# Mineralized TopSoil and Dry Start Method



## Aquaman55g (Jul 11, 2011)

My Spring/Summer project is going to be setting up a 40 gallon breeder sized low tech / no CO2 aquarium in my living room, which will have a soil substrate. I also want to try using the Dry Start Method of planting. I am planning to use only 2 pieces of mopani wood, a few pieces of slate along with such plants as HC, Riccia, some moss with just enough tall plants to conceal my heater, intake, etc.
I will be using rinsed top soil with pottery clay added and underneath as a base a sprinkling of both Muriate of Potash and Dolomite as per MTS instructions by Aaron T.
I was reading a post by Tom Barr on the Dry Start Method and my question is how long per day should the lights be on over the moist substrate with foreground plants such as HC Riccia, moss, etc. until it all grows in and the tank is cycled? Also, do I need to do anything besides keeping the light on and a moist substrate since the soil will be so rich in nutrients?
Thanks - :fish:


----------



## carpalstunna (Mar 22, 2012)

I think people usually go with longer light cycles,(depending on what kind of lights you have) with the dry start because there is less issues with algae 10-12 hours. You should be able to just mist with water and keep some saran wrap overtop of the tank for humidity. Be careful of direct sunlight and what the temperature is in the tank. You can get it too hot (greenhouse effect). 

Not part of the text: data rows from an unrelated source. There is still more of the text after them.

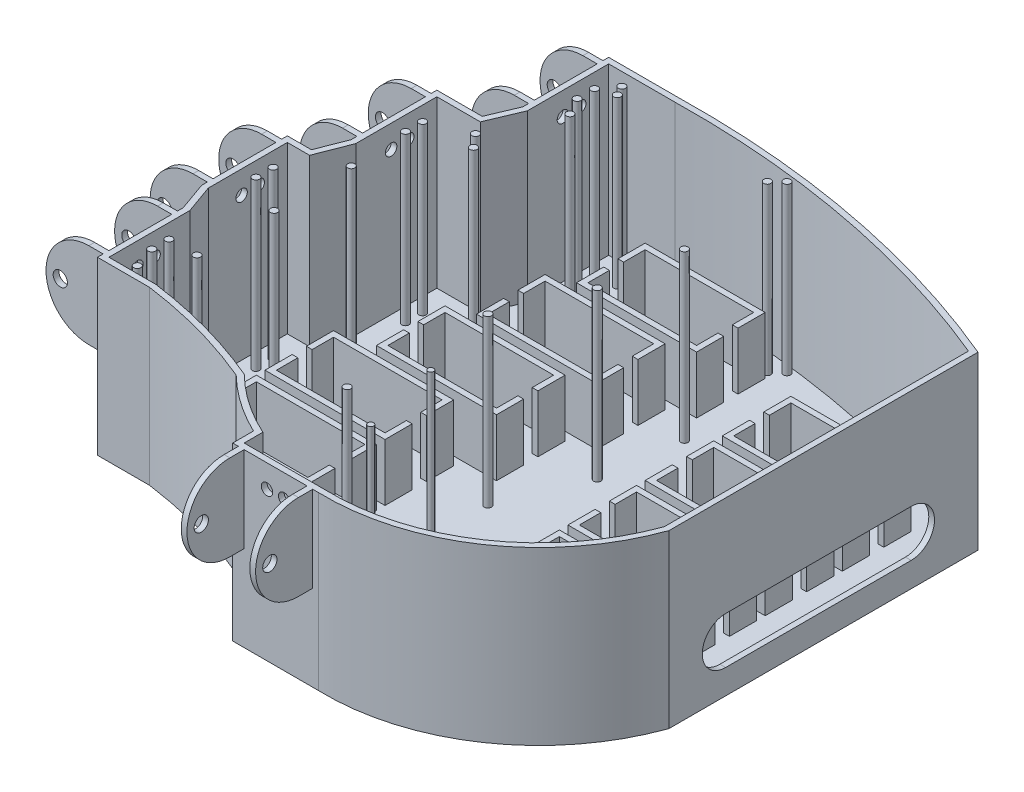
SolidWorks part; units mm, degrees
ref_plane "Front Plane" through (0, 0, 0) normal (0, 0, 1) x (1, 0, 0)
ref_plane "Top Plane" through (0, 0, 0) normal (0, 1, 0) x (1, 0, 0)
ref_plane "Right Plane" through (0, 0, 0) normal (1, 0, 0) x (0, 0, -1)
ref_plane "Palm Side Plane" through (0, 38.1, 0) normal (0, 1, 0) x (1, 0, 0)
ref_plane "Left Side Plane" through (0, 0, 63.5) normal (0, 0, 1) x (1, 0, 0)
ref_plane "Top Side Plane" through (-69.85, 0, 0) normal (1, 0, 0) x (0, 0, -1)
ref_plane "Wrist Plane" through (62.9138, 0, 0) normal (1, 0, 0) x (0, 0, -1)
sketch "Hand Direction Arrow" plane through (0, 38.1, 0) normal (0, 1, 0) x (1, 0, 0)
  line L0 (49.8191, -114.0829) -> (-36.738, -114.0829) construction
  line L1 (-36.738, -114.0829) -> (-22.4792, -131.555) construction
  line L2 (-36.738, -114.0829) -> (-22.4792, -99.8241) construction
sketch "Sketch2" plane through (0, 0, 0) normal (0, 1, 0) x (1, 0, 0)
  line L5 (-69.85, -63.5) -> (69.85, 63.5) construction
  line L6 (-69.85, 63.5) -> (69.85, -63.5) construction
  line L7 (-20.7784, 52.7587) -> (-36.189, 52.7587)
  line L8 (-36.189, 52.7587) -> (-36.189, 33.7087)
  line L9 (-42.9594, -42.4913) -> (-54.5039, -42.4913)
  line L10 (-54.5039, -42.4913) -> (-54.5039, -23.4413)
  line L11 (-54.5039, -23.4413) -> (-56.7676, -17.0913)
  line L12 (-51.4171, 1.9587) -> (-48.9477, 8.3087)
  line L14 (-56.7676, -17.0913) -> (-56.7676, 1.9587)
  line L15 (-56.7676, 1.9587) -> (-51.4171, 1.9587)
  line L16 (-38.8642, 27.3587) -> (-36.189, 33.7087)
  line L19 (15.3118, -63.2103) -> (-3.7382, -63.2103)
  line L20 (-3.7382, -63.2103) -> (-3.7382, -58.593)
  line L21 (61.5724, -31.5884) -> (61.5724, 37.0553)
  line L22 (-48.9477, 8.3087) -> (-48.9477, 27.3587)
  line L23 (-48.9477, 27.3587) -> (-38.8642, 27.3587)
  arc A0 (61.5724, 37.0553) -> (-20.7784, 52.7587) centre (-16.6219, -149.2259) ccw
  arc A2 (-42.9594, -42.4913) -> (-16.4221, -49.7553) centre (-56.8306, -145.2734) cw
  arc A3 (15.3118, -63.2103) -> (61.5724, -31.5884) centre (16.7508, -15.6666) ccw
  arc A5 (-3.7382, -58.593) -> (-16.4221, -49.7553) centre (16.7508, -15.6666) cw
  point P0 (0, 0)
  dimension "D1" = 19.05
  dimension "D2" = 19.05
  dimension "D3" = 19.05
  dimension "D4" = 19.05
  dimension "D5" = 19.05
  dimension "D6" = 6.35
  dimension "D7" = 6.35
extrude "Boss-Extrude1" add sketch "Sketch2" along normal blind 38.1
sketch "Sketch3" plane through (0, 38.1, 0) normal (0, 1, 0) x (1, 0, 0)
  line L5 (-68.58, -62.23) -> (68.58, 62.23) construction
  line L6 (-68.58, 62.23) -> (68.58, -62.23) construction
  line L7 (-20.1932, 51.4997) -> (-34.919, 51.4997)
  line L8 (-34.919, 51.4997) -> (-34.919, 33.4521)
  line L10 (-36.189, 52.7587) -> (-36.189, 33.7087) construction
  line L11 (-54.5039, -23.4413) -> (-54.5039, -42.4913) construction
  line L12 (-42.8744, -41.2213) -> (-53.2339, -41.2213)
  line L13 (-53.2339, -41.2213) -> (-53.2339, -23.2217)
  line L18 (-55.4976, -16.8717) -> (-55.4976, 0.6887)
  line L19 (-55.4976, 0.6887) -> (-50.5484, 0.6887)
  line L22 (-56.7676, 1.9587) -> (-56.7676, -17.0913) construction
  line L23 (-51.4171, 1.9587) -> (-56.7676, 1.9587) construction
  line L24 (-47.6777, 8.0704) -> (-47.6777, 26.0887)
  line L25 (-47.6777, 26.0887) -> (-38.0211, 26.0887)
  line L26 (-48.9477, 27.3587) -> (-48.9477, 8.3087) construction
  line L27 (-38.8642, 27.3587) -> (-48.9477, 27.3587) construction
  line L28 (-38.0211, 26.0887) -> (-34.919, 33.4521)
  line L29 (-36.189, 33.7087) -> (-38.8642, 27.3587) construction
  line L30 (-50.5484, 0.6887) -> (-47.6777, 8.0704)
  line L31 (-54.5039, -42.4913) -> (-42.9594, -42.4913) construction
  line L32 (-53.2339, -23.2217) -> (-55.4976, -16.8717)
  line L33 (-56.7676, -17.0913) -> (-54.5039, -23.4413) construction
  line L34 (-48.9477, 8.3087) -> (-51.4171, 1.9587) construction
  line L35 (15.3312, -61.9403) -> (-2.4682, -61.9403)
  line L36 (-2.4682, -61.9403) -> (-2.4682, -57.7843)
  line L37 (-3.7382, -58.593) -> (-3.7382, -63.2103) construction
  line L38 (-3.7382, -63.2103) -> (15.3118, -63.2103) construction
  line L39 (60.3024, -31.368) -> (60.3024, 36.2091)
  line L40 (61.5724, -31.5884) -> (61.5724, 37.0553) construction
  arc A1 (-20.1932, 51.4997) -> (60.3024, 36.2091) centre (-16.6219, -149.2259) cw
  arc A4 (61.5724, 37.0553) -> (-20.7784, 52.7587) centre (-16.6219, -149.2259) ccw construction
  arc A6 (-15.7053, -48.6798) -> (-2.4682, -57.7843) centre (16.7508, -15.6666) ccw
  arc A7 (15.3118, -63.2103) -> (61.5724, -31.5884) centre (16.7508, -15.6666) ccw construction
  arc A8 (-42.8744, -41.2213) -> (-15.7053, -48.6798) centre (-56.8306, -145.2734) cw
  arc A9 (-16.4221, -49.7553) -> (-42.9594, -42.4913) centre (-56.8306, -145.2734) ccw construction
  arc A11 (15.3118, -63.2103) -> (61.5724, -31.5884) centre (16.7508, -15.6666) ccw construction
  arc A12 (15.3312, -61.9403) -> (60.3024, -31.368) centre (16.7508, -15.6666) ccw
  point P0 (0, 0)
  point P6 (-45.5127, -25.7954)
  point P29 (-45.5127, -25.7954)
  point P52 (-54.0923, 1.9587)
  dimension "D2" = 1.27
  dimension "D3" = 1.27
  dimension "D5" = 1.27
  dimension "D6" = 1.27
  dimension "D8" = 1.27
  dimension "D4" = 1.27
  dimension "D7" = 1.27
  dimension "D9" = 1.27
  dimension "D10" = 1.27
  dimension "D11" = 1.27
  dimension "D12" = 1.27
  dimension "D13" = 1.27
  dimension "D14" = 1.27
  dimension "D15" = 1.27
  dimension "D16" = 1.27
  dimension "D17" = 1.27
extrude "Cut-Extrude1" cut sketch "Sketch3" against normal blind 36.83
sketch "Sketch6" plane through (0, 0, 0) normal (0, 1, 0) x (1, 0, 0)
  line L0 (-38.2959, -32.597) -> (-37.0259, -32.597)
  line L5 (-63.3937, -68.1577) -> (73.7663, 56.3023) construction
  line L6 (-64.5742, 57.9506) -> (72.5858, -66.5094) construction
  line L7 (-12.8959, -37.3595) -> (-37.0259, -37.3595)
  line L8 (-12.8959, -37.3595) -> (-12.8959, -32.597)
  line L9 (-12.8959, -24.6595) -> (-37.0259, -24.6595)
  line L10 (-37.0259, -37.3595) -> (-37.0259, -32.597)
  line L11 (-12.8959, -37.3595) -> (-37.0259, -24.6595) construction
  line L12 (-12.8959, -24.6595) -> (-37.0259, -37.3595) construction
  line L13 (-11.6259, -38.6295) -> (-38.2959, -38.6295)
  line L14 (-11.6259, -38.6295) -> (-11.6259, -32.597)
  line L15 (-11.6259, -23.3895) -> (-38.2959, -23.3895)
  line L16 (-38.2959, -38.6295) -> (-38.2959, -32.597)
  line L17 (-11.6259, -38.6295) -> (-38.2959, -23.3895) construction
  line L18 (-11.6259, -23.3895) -> (-38.2959, -38.6295) construction
  line L19 (-38.2959, -29.422) -> (-37.0259, -29.422)
  line L20 (-38.2959, -29.422) -> (-38.2959, -23.3895)
  line L21 (-37.0259, -29.422) -> (-37.0259, -24.6595)
  line L22 (-12.8959, -32.597) -> (-11.6259, -32.597)
  line L23 (-12.8959, -29.422) -> (-11.6259, -29.422)
  line L24 (-12.8959, -29.422) -> (-12.8959, -24.6595)
  line L25 (-11.6259, -29.422) -> (-11.6259, -23.3895)
  point P0 (5.5042, -5.6391)
  point P6 (-24.9609, -31.0095)
  point P29 (-24.9609, -31.0095)
  dimension "D6" = 1.27
  dimension "D7" = 1.27
  dimension "D9" = 12.7
  dimension "D10" = 24.13
  dimension "D11" = 4.7625
  dimension "D12" = 4.7625
  dimension "D13" = 4.7625
  dimension "D14" = 4.7625
extrude "Boss-Extrude2" add sketch "Sketch6" along normal blind 13.97
sketch "Sketch7" plane through (0, 0, 0) normal (0, 1, 0) x (1, 0, 0)
  line L0 (-38.2959, -15.452) -> (-37.0259, -15.452)
  line L5 (-11.6259, -23.3895) -> (-38.2959, -23.3895) construction
  line L6 (-38.2959, -23.3895) -> (-38.2959, -29.422) construction
  line L7 (-12.8959, -20.2145) -> (-37.0259, -20.2145)
  line L8 (-12.8959, -20.2145) -> (-12.8959, -15.452)
  line L9 (-12.8959, -7.5145) -> (-37.0259, -7.5145)
  line L10 (-37.0259, -20.2145) -> (-37.0259, -15.452)
  line L11 (-12.8959, -20.2145) -> (-37.0259, -7.5145) construction
  line L12 (-12.8959, -7.5145) -> (-37.0259, -20.2145) construction
  line L13 (-11.6259, -21.4845) -> (-38.2959, -21.4845)
  line L14 (-11.6259, -21.4845) -> (-11.6259, -15.452)
  line L15 (-11.6259, -6.2445) -> (-38.2959, -6.2445)
  line L16 (-38.2959, -21.4845) -> (-38.2959, -15.452)
  line L17 (-11.6259, -21.4845) -> (-38.2959, -6.2445) construction
  line L18 (-11.6259, -6.2445) -> (-38.2959, -21.4845) construction
  line L19 (-38.2959, -12.277) -> (-37.0259, -12.277)
  line L20 (-38.2959, -12.277) -> (-38.2959, -6.2445)
  line L21 (-37.0259, -12.277) -> (-37.0259, -7.5145)
  line L22 (-12.8959, -15.452) -> (-11.6259, -15.452)
  line L23 (-12.8959, -12.277) -> (-11.6259, -12.277)
  line L24 (-12.8959, -12.277) -> (-12.8959, -7.5145)
  line L25 (-11.6259, -12.277) -> (-11.6259, -6.2445)
  point P0 (-14.8998, -5.4903)
  point P6 (-24.9609, -13.8645)
  point P29 (-24.9609, -13.8645)
  dimension "D2" = 1.905
  dimension "D3" = 0
  dimension "D6" = 1.27
  dimension "D7" = 1.27
  dimension "D9" = 12.7
  dimension "D10" = 24.13
  dimension "D11" = 4.7625
  dimension "D12" = 4.7625
  dimension "D13" = 4.7625
  dimension "D14" = 4.7625
extrude "Boss-Extrude3" add sketch "Sketch7" along normal blind 13.97
sketch "Sketch15" plane through (0, 0, 0) normal (0, -1, 0) x (1, 0, 0)
  line L0 (-30.6759, -4.868) -> (-29.4059, -4.868)
  line L5 (-11.6259, 6.2445) -> (-38.2959, 6.2445) construction
  line L6 (-38.2959, 6.2445) -> (-38.2959, 12.277) construction
  line L7 (-5.2759, -9.6305) -> (-29.4059, -9.6305)
  line L8 (-5.2759, -9.6305) -> (-5.2759, -4.868)
  line L9 (-5.2759, 3.0695) -> (-29.4059, 3.0695)
  line L10 (-29.4059, -9.6305) -> (-29.4059, -4.868)
  line L11 (-5.2759, -9.6305) -> (-29.4059, 3.0695) construction
  line L12 (-5.2759, 3.0695) -> (-29.4059, -9.6305) construction
  line L13 (-4.0059, -10.9005) -> (-30.6759, -10.9005)
  line L14 (-4.0059, -10.9005) -> (-4.0059, -4.868)
  line L15 (-4.0059, 4.3395) -> (-30.6759, 4.3395)
  line L16 (-30.6759, -10.9005) -> (-30.6759, -4.868)
  line L17 (-4.0059, -10.9005) -> (-30.6759, 4.3395) construction
  line L18 (-4.0059, 4.3395) -> (-30.6759, -10.9005) construction
  line L19 (-30.6759, -1.693) -> (-29.4059, -1.693)
  line L20 (-30.6759, -1.693) -> (-30.6759, 4.3395)
  line L21 (-29.4059, -1.693) -> (-29.4059, 3.0695)
  line L22 (-5.2759, -4.868) -> (-4.0059, -4.868)
  line L23 (-5.2759, -1.693) -> (-4.0059, -1.693)
  line L24 (-5.2759, -1.693) -> (-5.2759, 3.0695)
  line L25 (-4.0059, -1.693) -> (-4.0059, 4.3395)
  point P0 (-6.5637, 8.998)
  point P6 (-17.3409, -3.2805)
  point P29 (-17.3409, -3.2805)
  dimension "D2" = 1.905
  dimension "D3" = 7.62
  dimension "D6" = 1.27
  dimension "D7" = 1.27
  dimension "D9" = 12.7
  dimension "D10" = 24.13
  dimension "D11" = 4.7625
  dimension "D12" = 4.7625
  dimension "D13" = 4.7625
  dimension "D14" = 4.7625
extrude "Boss-Extrude4" add sketch "Sketch15" against normal blind 13.97
sketch "Sketch16" plane through (0, 0, 0) normal (0, -1, 0) x (1, 0, 0)
  line L0 (-25.5959, -22.013) -> (-24.3259, -22.013)
  line L5 (-30.6759, -10.9005) -> (-4.0059, -10.9005) construction
  line L6 (-30.6759, -4.868) -> (-30.6759, -10.9005) construction
  line L7 (-0.1959, -26.7755) -> (-24.3259, -26.7755)
  line L8 (-0.1959, -26.7755) -> (-0.1959, -22.013)
  line L9 (-0.1959, -14.0755) -> (-24.3259, -14.0755)
  line L10 (-24.3259, -26.7755) -> (-24.3259, -22.013)
  line L11 (-0.1959, -26.7755) -> (-24.3259, -14.0755) construction
  line L12 (-0.1959, -14.0755) -> (-24.3259, -26.7755) construction
  line L13 (1.0741, -28.0455) -> (-25.5959, -28.0455)
  line L14 (1.0741, -28.0455) -> (1.0741, -22.013)
  line L15 (1.0741, -12.8055) -> (-25.5959, -12.8055)
  line L16 (-25.5959, -28.0455) -> (-25.5959, -22.013)
  line L17 (1.0741, -28.0455) -> (-25.5959, -12.8055) construction
  line L18 (1.0741, -12.8055) -> (-25.5959, -28.0455) construction
  line L19 (-25.5959, -18.838) -> (-24.3259, -18.838)
  line L20 (-25.5959, -18.838) -> (-25.5959, -12.8055)
  line L21 (-24.3259, -18.838) -> (-24.3259, -14.0755)
  line L22 (-0.1959, -22.013) -> (1.0741, -22.013)
  line L23 (-0.1959, -18.838) -> (1.0741, -18.838)
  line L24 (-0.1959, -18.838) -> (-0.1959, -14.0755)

I highly recommend you do some kind of CO2. It will help immensly with battling algae. At least a DIY setup which is very cheap. Two DIY setups would give you great amount of CO2 for that size tank, or 1 supplemented with some excel.


----------



## vvDO (Oct 18, 2010)

You don't necessarily have to mineralize the topsoil. There have been a few posts refuting the need for the wet-dry cycles. It takes a long time to actually mineralize top soil and by DSM you will break down any urea/ammonia source prior to adding fauna.

What will you use to cover the soil?


----------



## Aquaman55g (Jul 11, 2011)

*Reply to vvDO*

I am going to go ahead and try the MTS method anyway along with DSM. I also plan to add an Aqueon 36" T5 light and only add Excel no CO2. I plan to cover the soil with a small sized black gravel. I would like to use a gravel sized smaller than conventional aquarium gravel but larger than sand granules. Where would I be able to obtain such aquarium gravel?
Thanks for the advice.


----------



## farmhand (Jun 25, 2009)

vvDO said:


> You don't necessarily have to mineralize the topsoil. There have been a few posts refuting the need for the wet-dry cycles. It takes a long time to actually mineralize top soil and by DSM you will break down any urea/ammonia source prior to adding fauna.
> 
> What will you use to cover the soil?


Interested in this myself. Every time I see a post about MTS, its like 50 pages long. Is there a quick link to a good formula?


----------



## vvDO (Oct 18, 2010)

It's buried in this long _ _ _ed thread...

http://www.plantedtank.net/forums/substrate/72382-mineralized-top-soil-substrate-22.html#post1399569


----------



## SCMurphy (Oct 21, 2003)

farmhand said:


> Interested in this myself. Every time I see a post about MTS, its like 50 pages long. Is there a quick link to a good formula?


What formula, if you mean the guidelines of how to set up a tank with the mineralized soil then Aaron's article is a sticky at the top of the Substrates forum. Remember, if you change something in the recipe, keep track of what you did and post so everyone knows what else works or doesn't.


----------



## farmhand (Jun 25, 2009)

SCMurphy said:


> Aaron's article is a sticky at the top of the Substrates forum.


Thanks


----------



## plantbrain (Dec 15, 2003)

I do not think the goal the OP stated is realitistic. HC and Riccia and a low tech = no CO2.......... really are not that successful. Perhaps Excel...........but no CO2 and these plants are not likely to end successfully.

I'd have a tough time doing it, but might be able to.....

As suggest already, consider CO2 and learn that.


----------